Menurut Budi, setiap kebijakan penataan ulang harus mengacu pada dokumen tata ruang yang berlaku di wilayah tersebut.

“Jadi tadi kami sudah koordinasi juga dengan teman-teman, jadi tidak ada isu lain, isunya hanya kaitannya dengan perizinan saja,” ujar Budi.

Merespons gelombang pemutusan hubungan kerja (PHK) yang membayangi para staf gerai, Mendag menyatakan bahwa kementeriannya tidak tinggal diam.

Kemendag tengah mengkaji berbagai opsi solusi bersama pemda setempat, mulai dari opsi relokasi tempat usaha hingga penyesuaian teknis operasional agar gerai ritel dapat tetap berjalan tanpa melanggar hukum fiskal dan spasial daerah.

“Ya ini makanya kita komunikasikan, kita komunikasikan dengan pemerintah daerah, sebenarnya apakah kemudian nanti solusinya dengan pericinan itu harus dipindah atau bagaimana kita komunikasikan. Apakah kemudian dia bisa misalnya tetap berdiri ya dengan menyesuaikan rencana tata ruang di daerah masing-masing misalnya begitu,” kata Budi.

Saat ditanya mengenai kemungkinan adanya revisi atau perubahan pada Peraturan Daerah (Perda) yang mengatur zonasi ritel modern tersebut, Mendag menegaskan bahwa pemerintah pusat menghormati asas otonomi daerah.

Menurut Budi, Kemendag tidak akan melakukan intervensi sepihak dan memilih untuk memetakan akar masalahnya terlebih dahulu.
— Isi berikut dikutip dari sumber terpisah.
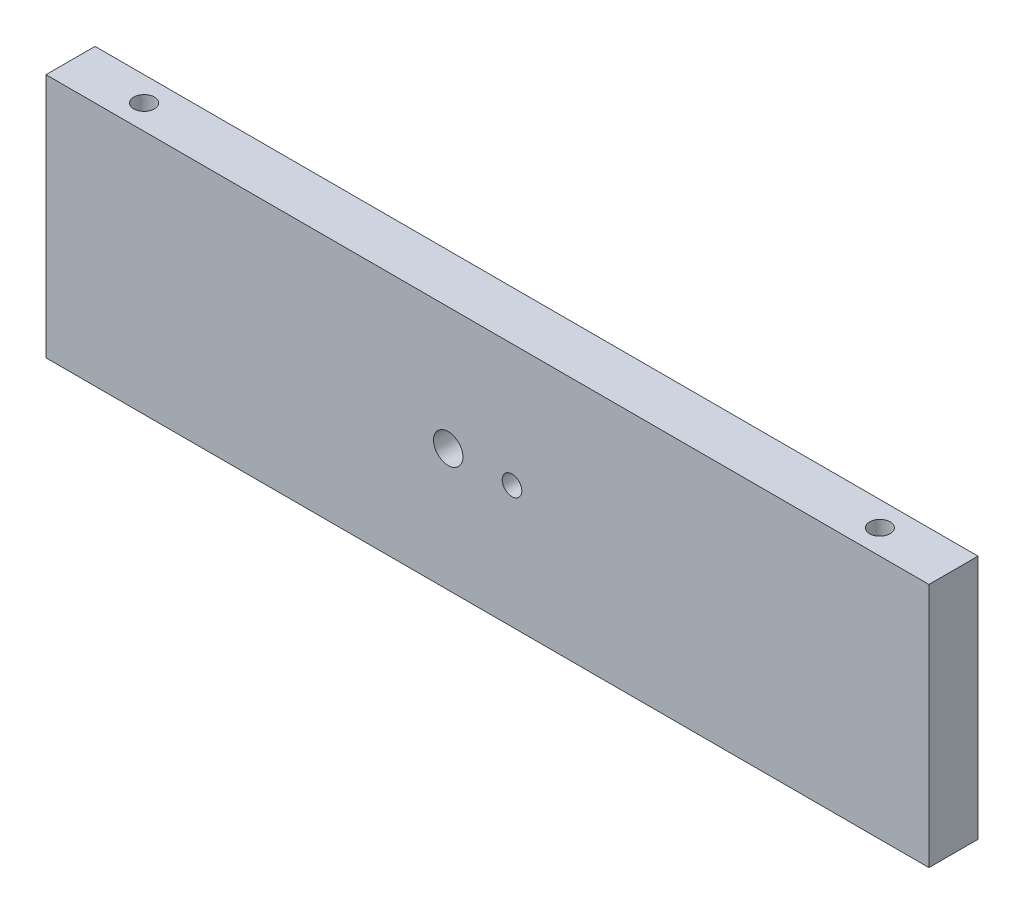
from build123d import *

# Parameters (mm, degrees)
SKETCH2_W             = 180
SKETCH2_H             = 50
BOSS_EXTRUDE1_DEPTH   = 10
SKETCH6_R             = 3
CUT_EXTRUDE1_DEPTH    = 10
M5_TAPPED_HOLE2_D     = 4.2
M5_TAPPED_HOLE2_DEPTH = 14
M5_TAPPED_HOLE2_TIP   = 1.2618073
SKETCH9_R             = 2
CUT_EXTRUDE2_DEPTH    = 10


with BuildPart() as part:
    # Sketch2 → Boss-Extrude1 (new body)
    with BuildSketch(Plane.XY):
        Rectangle(SKETCH2_W, SKETCH2_H)
    extrude(amount=BOSS_EXTRUDE1_DEPTH)

    # Sketch6 → Cut-Extrude1 (cut)
    with BuildSketch(Plane.XY.offset(10)):
        with Locations((-8, 0)):
            Circle(SKETCH6_R)
    extrude(amount=-CUT_EXTRUDE1_DEPTH, mode=Mode.SUBTRACT)

    # M5 Tapped Hole2
    with Locations(Plane(origin=(0, 25, 0), x_dir=(1, 0, 0), z_dir=(0, 1, 0))):
        with Locations((-75, -5), (75, -5)):
            Hole(M5_TAPPED_HOLE2_D / 2, depth=M5_TAPPED_HOLE2_DEPTH)
            with Locations((0, 0, -(M5_TAPPED_HOLE2_DEPTH + M5_TAPPED_HOLE2_TIP / 2))):  # 118° drill point
                Cone(0, M5_TAPPED_HOLE2_D / 2, M5_TAPPED_HOLE2_TIP, mode=Mode.SUBTRACT)

    # Sketch9 → Cut-Extrude2 (cut)
    with BuildSketch(Plane.XY.offset(10)):
        with Locations((5, 0)):
            Circle(SKETCH9_R)
    extrude(amount=-CUT_EXTRUDE2_DEPTH, mode=Mode.SUBTRACT)


solid = part.part
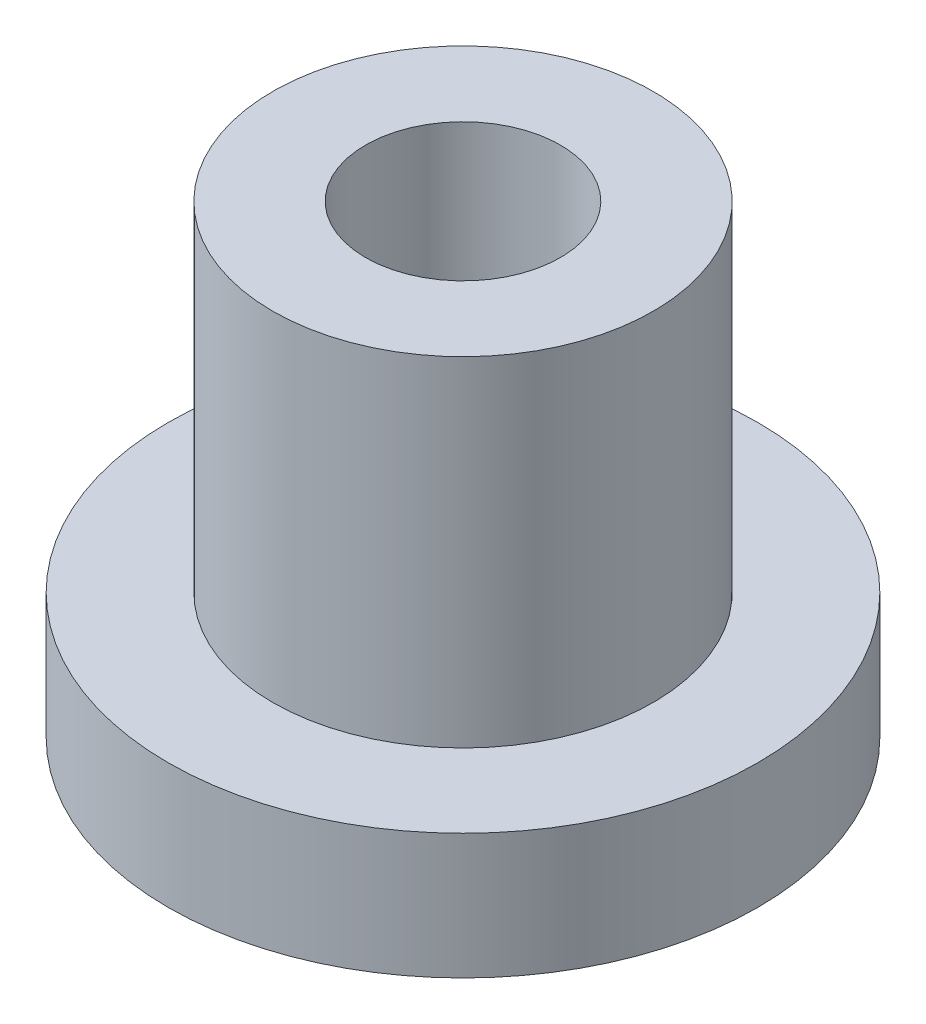
from build123d import *

# Parameters (mm, degrees)
SKETCH1_R               = 6.35
BASE_BODY_DEPTH         = 10
SKETCH2_R               = 2.1
SHAFT_BEARING_CUT_DEPTH = 11
SKETCH3_OUTSIDE_W       = 18.812
SKETCH3_OUTSIDE_H       = 18.812
SKETCH3_OUTSIDE_R       = 4.1
LATHE_CUT_DEPTH         = 7.3


with BuildPart() as part:
    # Sketch1 → base_body (new body)
    with BuildSketch(Plane(origin=(0, 0, 0), x_dir=(1, 0, 0), z_dir=(0, 1, 0))):
        Circle(SKETCH1_R)
    extrude(amount=BASE_BODY_DEPTH)

    # Sketch2 → shaft_bearing_cut (cut, through all)
    with BuildSketch(Plane(origin=(0, 10, 0), x_dir=(1, 0, 0), z_dir=(0, 1, 0))):
        Circle(SKETCH2_R)
    extrude(amount=-SHAFT_BEARING_CUT_DEPTH, mode=Mode.SUBTRACT)

    # Sketch3 outside → lathe_cut (cut)
    with BuildSketch(Plane(origin=(0, 10, 0), x_dir=(1, 0, 0), z_dir=(0, 1, 0))):
        Rectangle(SKETCH3_OUTSIDE_W, SKETCH3_OUTSIDE_H)
        Circle(SKETCH3_OUTSIDE_R, mode=Mode.SUBTRACT)
    extrude(amount=-LATHE_CUT_DEPTH, mode=Mode.SUBTRACT)


solid = part.part
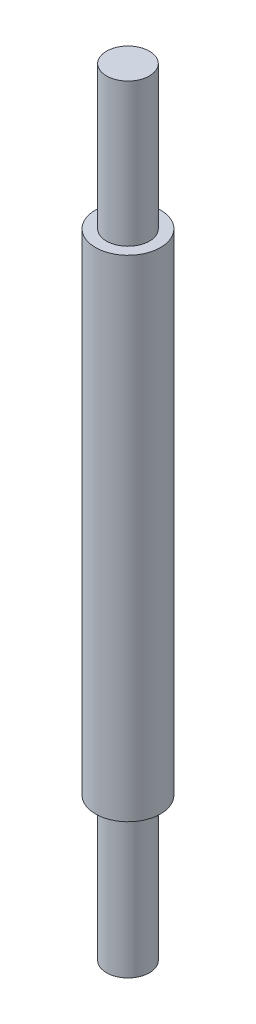
from build123d import *

# Parameters (mm, degrees)
SKETCH2_R           = 4.039553008
BOSS_EXTRUDE1_DEPTH = 60.96
SKETCH6_R           = 2.667
BOSS_EXTRUDE2_DEPTH = 17.78
SKETCH5_R           = 2.667
BOSS_EXTRUDE3_DEPTH = 17.78


with BuildPart() as part:
    # Sketch2 → Boss-Extrude1 (new body)
    with BuildSketch(Plane(origin=(0, 0, 0), x_dir=(1, 0, 0), z_dir=(0, 1, 0))):
        Circle(SKETCH2_R)
    extrude(amount=BOSS_EXTRUDE1_DEPTH)

    # Sketch6 → Boss-Extrude2 (add)
    with BuildSketch(Plane(origin=(0, 60.96, 0), x_dir=(1, 0, 0), z_dir=(0, 1, 0))):
        Circle(SKETCH6_R)
    extrude(amount=BOSS_EXTRUDE2_DEPTH)

    # Sketch5 → Boss-Extrude3 (add)
    with BuildSketch(Plane(origin=(0, 0, 0), x_dir=(-1, 0, 0), z_dir=(0, -1, 0))):
        Circle(SKETCH5_R)
    extrude(amount=BOSS_EXTRUDE3_DEPTH)


solid = part.part
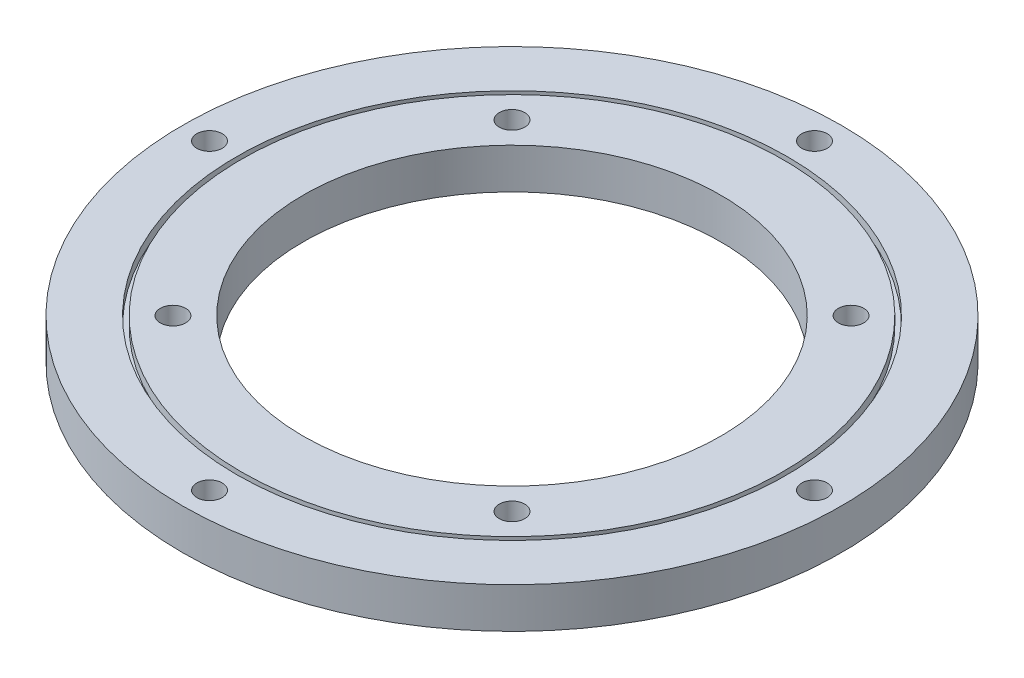
from build123d import *

# Parameters (mm, degrees)
SKETCH1_R           = 70
SKETCH1_R_2         = 44.35
BOSS_EXTRUDE1_DEPTH = 8.6
SKETCH2_R           = 58.5
SKETCH2_R_2         = 57.5
CUT_EXTRUDE1_DEPTH  = 2
SKETCH3_R           = 2.7
CUT_EXTRUDE2_DEPTH  = 9.6
SKETCH4_R           = 2.7
CUT_EXTRUDE3_DEPTH  = 9.6


with BuildPart() as part:
    # Sketch1 → Boss-Extrude1 (new body)
    with BuildSketch(Plane(origin=(0, 0, 0), x_dir=(1, 0, 0), z_dir=(0, 1, 0))):
        Circle(SKETCH1_R)
        Circle(SKETCH1_R_2, mode=Mode.SUBTRACT)
    extrude(amount=BOSS_EXTRUDE1_DEPTH)

    # Sketch2 → Cut-Extrude1 (cut)
    with BuildSketch(Plane(origin=(0, 8.6, 0), x_dir=(1, 0, 0), z_dir=(0, 1, 0))):
        Circle(SKETCH2_R)
        Circle(SKETCH2_R_2, mode=Mode.SUBTRACT)
    cut_extrude1 = extrude(amount=-CUT_EXTRUDE1_DEPTH, mode=Mode.SUBTRACT)

    # Mirror1: Cut-Extrude1 across plane
    add(cut_extrude1.mirror(Plane.ZX.offset(4.3)), mode=Mode.SUBTRACT)

    # Sketch3 → Cut-Extrude2 (cut, through all)
    with BuildSketch(Plane(origin=(0, 8.6, 0), x_dir=(1, 0, 0), z_dir=(0, 1, 0))):
        with Locations((0, 64.25)):
            Circle(SKETCH3_R)
        with Locations((64.25, 0)):
            Circle(SKETCH3_R)
        with Locations((0, -64.25)):
            Circle(SKETCH3_R)
        with Locations((-64.25, 0)):
            Circle(SKETCH3_R)
    extrude(amount=-CUT_EXTRUDE2_DEPTH, mode=Mode.SUBTRACT)

    # Sketch4 → Cut-Extrude3 (cut, through all)
    with BuildSketch(Plane(origin=(0, 8.6, 0), x_dir=(1, 0, 0), z_dir=(0, 1, 0))):
        with Locations((-36.009412832, 36.009412832)):
            Circle(SKETCH4_R)
        with Locations((36.009412832, 36.009412832)):
            Circle(SKETCH4_R)
        with Locations((36.009412832, -36.009412832)):
            Circle(SKETCH4_R)
        with Locations((-36.009412832, -36.009412832)):
            Circle(SKETCH4_R)
    extrude(amount=-CUT_EXTRUDE3_DEPTH, mode=Mode.SUBTRACT)


solid = part.part
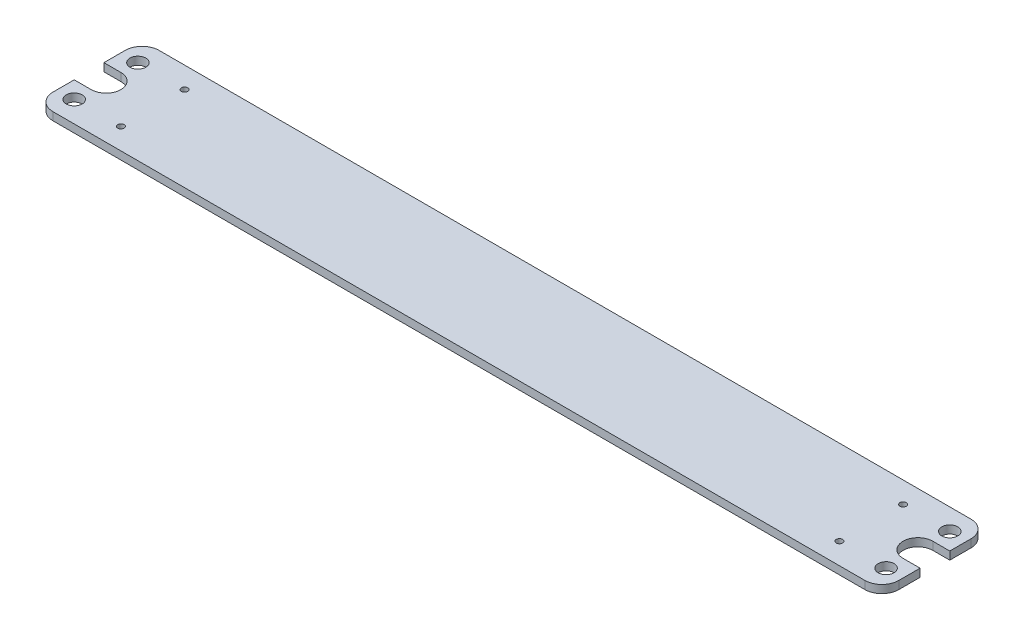
from build123d import *

# Parameters (mm, degrees)
SKETCH1_R           = 4.7625
SKETCH1_R_2         = 1.905
BOSS_EXTRUDE1_DEPTH = 4.7625


with BuildPart() as part:
    # Sketch1 → Boss-Extrude1 (new body)
    with BuildSketch(Plane(origin=(0, 0, 0), x_dir=(1, 0, 0), z_dir=(0, 1, 0))):
        with BuildLine():
            Line((10.16, 0), (253.0475, 0))
            Line((253.0475, 0), (253.0475, -63.5))
            Line((253.0475, -63.5), (10.16, -63.5))
            ThreePointArc((10.16, -63.5), (2.975795103, -60.524204897), (0, -53.34))
            Line((0, -53.34), (0, -40.64))
            Line((0, -40.64), (10.16, -40.64))
            ThreePointArc((10.16, -40.64), (19.05, -31.75), (10.16, -22.86))
            Line((10.16, -22.86), (0, -22.86))
            Line((0, -22.86), (0, -10.16))
            ThreePointArc((0, -10.16), (2.975795103, -2.975795103), (10.16, 0))
        make_face()
        with Locations((10.16, -50.8)):
            Circle(SKETCH1_R, mode=Mode.SUBTRACT)
        with Locations((10.16, -12.7)):
            Circle(SKETCH1_R, mode=Mode.SUBTRACT)
        with Locations((38.1, -50.8)):
            Circle(SKETCH1_R_2, mode=Mode.SUBTRACT)
        with Locations((38.1, -12.7)):
            Circle(SKETCH1_R_2, mode=Mode.SUBTRACT)
    boss_extrude1 = extrude(amount=BOSS_EXTRUDE1_DEPTH)

    # Mirror1: Boss-Extrude1 across plane
    add(boss_extrude1.mirror(Plane(origin=(253.0475, 4.7625, 63.5), x_dir=(0, 0, 1), z_dir=(-1, 0, 0))))


solid = part.part
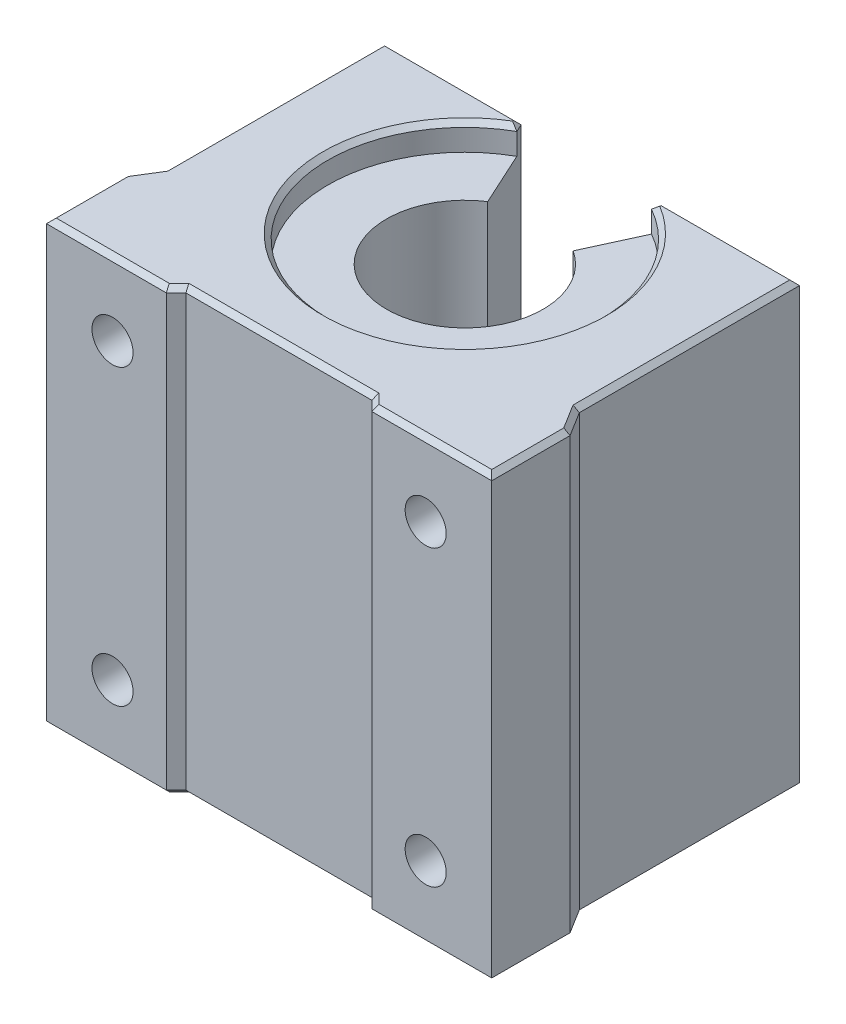
from build123d import *

# Parameters (mm, degrees)
SKETCH1_W                 = 45.5
SKETCH1_H                 = 45
BOSS_EXTRUDE1_DEPTH       = 33
CUT_EXTRUDE1_DEPTH        = 46
CUT_EXTRUDE2_DEPTH        = 46
CUT_EXTRUDE4_DEPTH        = 46
M5X0_8_TAPPED_HOLE1_D     = 4.2
M5X0_8_TAPPED_HOLE1_DEPTH = 15.6
M5X0_8_TAPPED_HOLE1_TIP   = 1.2618073
CHAMFER1_SIZE             = 0.5


with BuildPart() as part:
    # Sketch1 → Boss-Extrude1 (new body)
    with BuildSketch(Plane(origin=(0, 0, -13.05), x_dir=(-1, 0, 0), z_dir=(0, 0, -1))):
        Rectangle(SKETCH1_W, SKETCH1_H)
    extrude(amount=-BOSS_EXTRUDE1_DEPTH)

    # Sketch2 → Cut-Extrude1 (cut, through all)
    with BuildSketch(Plane(origin=(0, 22.5, 0), x_dir=(-1, 0, 0), z_dir=(0, 1, 0))):
        Polygon((-21.2, -13.05), (-21.2, 9.45), (-22.75, 11.95), (-22.75, -13.05), align=None)
    cut_extrude1 = extrude(amount=-CUT_EXTRUDE1_DEPTH, mode=Mode.SUBTRACT)

    # Mirror1: Cut-Extrude1 across plane
    add(cut_extrude1.mirror(Plane(origin=(0, 0, 0), x_dir=(0, 0, 1), z_dir=(1, 0, 0))), mode=Mode.SUBTRACT)

    # Sketch3 → Cut-Extrude2 (cut, through all)
    with BuildSketch(Plane(origin=(0, 22.5, 0), x_dir=(-1, 0, 0), z_dir=(0, 1, 0))):
        Polygon((-10.5, 19.95), (-9.5, 18.95), (9.5, 18.95), (10.5, 19.95), align=None)
    extrude(amount=-CUT_EXTRUDE2_DEPTH, mode=Mode.SUBTRACT)

    # Sketch5 → Cut-Extrude4 (cut, through all)
    with BuildSketch(Plane(origin=(0, 22.5, 0), x_dir=(-1, 0, 0), z_dir=(0, 1, 0))):
        Polygon((-7.250013867, -13.05), (7.250013867, -13.05), (0, 2.768211411), align=None)
    extrude(amount=-CUT_EXTRUDE4_DEPTH, mode=Mode.SUBTRACT)

    # Sketch6 → Cut-Revolve1 (revolve, cut)
    with BuildSketch(Plane.XY.offset(-0.05)):
        Polygon((14, 22.5), (0, 22.5), (0, -22.5), (14, -22.5), (14, -19.8), (8, -19.8), (8, 19.8), (14, 19.8), align=None)
    revolve(axis=Axis((0, 22.5, -0.05), (0, -1, 0)), mode=Mode.SUBTRACT)

    # M5x0.8 Tapped Hole1
    with Locations(Plane.XY.offset(19.95)):
        with Locations((-16, -15), (16, 15), (16, -15), (-16, 15)):
            Hole(M5X0_8_TAPPED_HOLE1_D / 2, depth=M5X0_8_TAPPED_HOLE1_DEPTH)
            with Locations((0, 0, -(M5X0_8_TAPPED_HOLE1_DEPTH + M5X0_8_TAPPED_HOLE1_TIP / 2))):  # 118° drill point
                Cone(0, M5X0_8_TAPPED_HOLE1_D / 2, M5X0_8_TAPPED_HOLE1_TIP, mode=Mode.SUBTRACT)

    # Chamfer1
    chamfer1_edges = [part.edges().sort_by_distance(p)[0] for p in [
        (14.225006933, -22.5, -13.05),
        (16.625, -22.5, 19.95),
        (21.975, -22.5, 10.7),
        (21.2, -22.5, -1.8),
        (21.2, 22.5, -1.8),
        (21.975, 22.5, 10.7),
        (-14.225006933, 22.5, -13.05),
        (-21.2, 22.5, -1.8),
        (-21.975, 22.5, 10.7),
        (-21.2, -22.5, -1.8),
        (-21.975, -22.5, 10.7),
        (-16.625, -22.5, 19.95),
        (16.625, 22.5, 19.95),
        (-10, -22.5, 19.45),
        (0, -22.5, 18.95),
        (10, -22.5, 19.45),
        (10, 22.5, 19.45),
        (0, 22.5, 18.95),
        (-10, 22.5, 19.45),
        (-14.225006933, -22.5, -13.05),
        (14.225006933, 22.5, -13.05),
        (-7.065034848, -22.5, -12.646409431),
        (-7.065034848, 22.5, -12.646409431),
        (7.065034848, 22.5, -12.646409431),
        (7.065034848, -22.5, -12.646409431),
        (0, 22.5, 13.95),
        (0, -22.5, 13.95),
        (-22.75, -22.5, 15.95),
        (22.75, -22.5, 15.95),
        (22.75, 22.5, 15.95),
        (-22.75, 22.5, 15.95),
        (-16.625, 22.5, 19.95),
    ]]
    chamfer(chamfer1_edges, length=CHAMFER1_SIZE)


solid = part.part

“Masing-masing daerah, kan tergantung dari masing-masing daerah, jadi Perda ya terserah masing-masing daerah saja,” kata Budi.

Dia juga menambahkan, langkah Pemda dalam menertibkan perizinan ini harus dilihat dari perspektif yang positif demi menjaga keseimbangan ekosistem tata kota dan perlindungan pasar tradisional.

“Kita lihat dulu permasalahannya di mananya, jadi kalau misalnya pemerintah daerah mau menata ulang, saya pikir semuanya punya tujuannya baik ya, karena semua kan tadi saya sampaikan, masing-masing daerah itu punya tata ruang, tata wilayah, gitu ya,” ujar Mendag.

Sebagai informasi, isu penutupan puluhan gerai Alfamart di wilayah Kabupaten Lombok Tengah belakangan ini mendadak ramai menjadi sorotan tajam publik. Kasus ini mencuat ke permukaan setelah puluhan karyawan yang terkena dampak pemutusan hubungan kerja (PHK) massal menggelar aksi unjuk rasa untuk menuntut keadilan.

Kondisi penutupan gerai secara mendadak yang diikuti aksi demonstrasi ini sempat memicu bola liar dan memunculkan beragam spekulasi negatif di ruang jagat maya atau media sosial terkait stabilitas iklim usaha dan alasan asli di balik tumbangnya toko ritel modern tersebut di Lombok.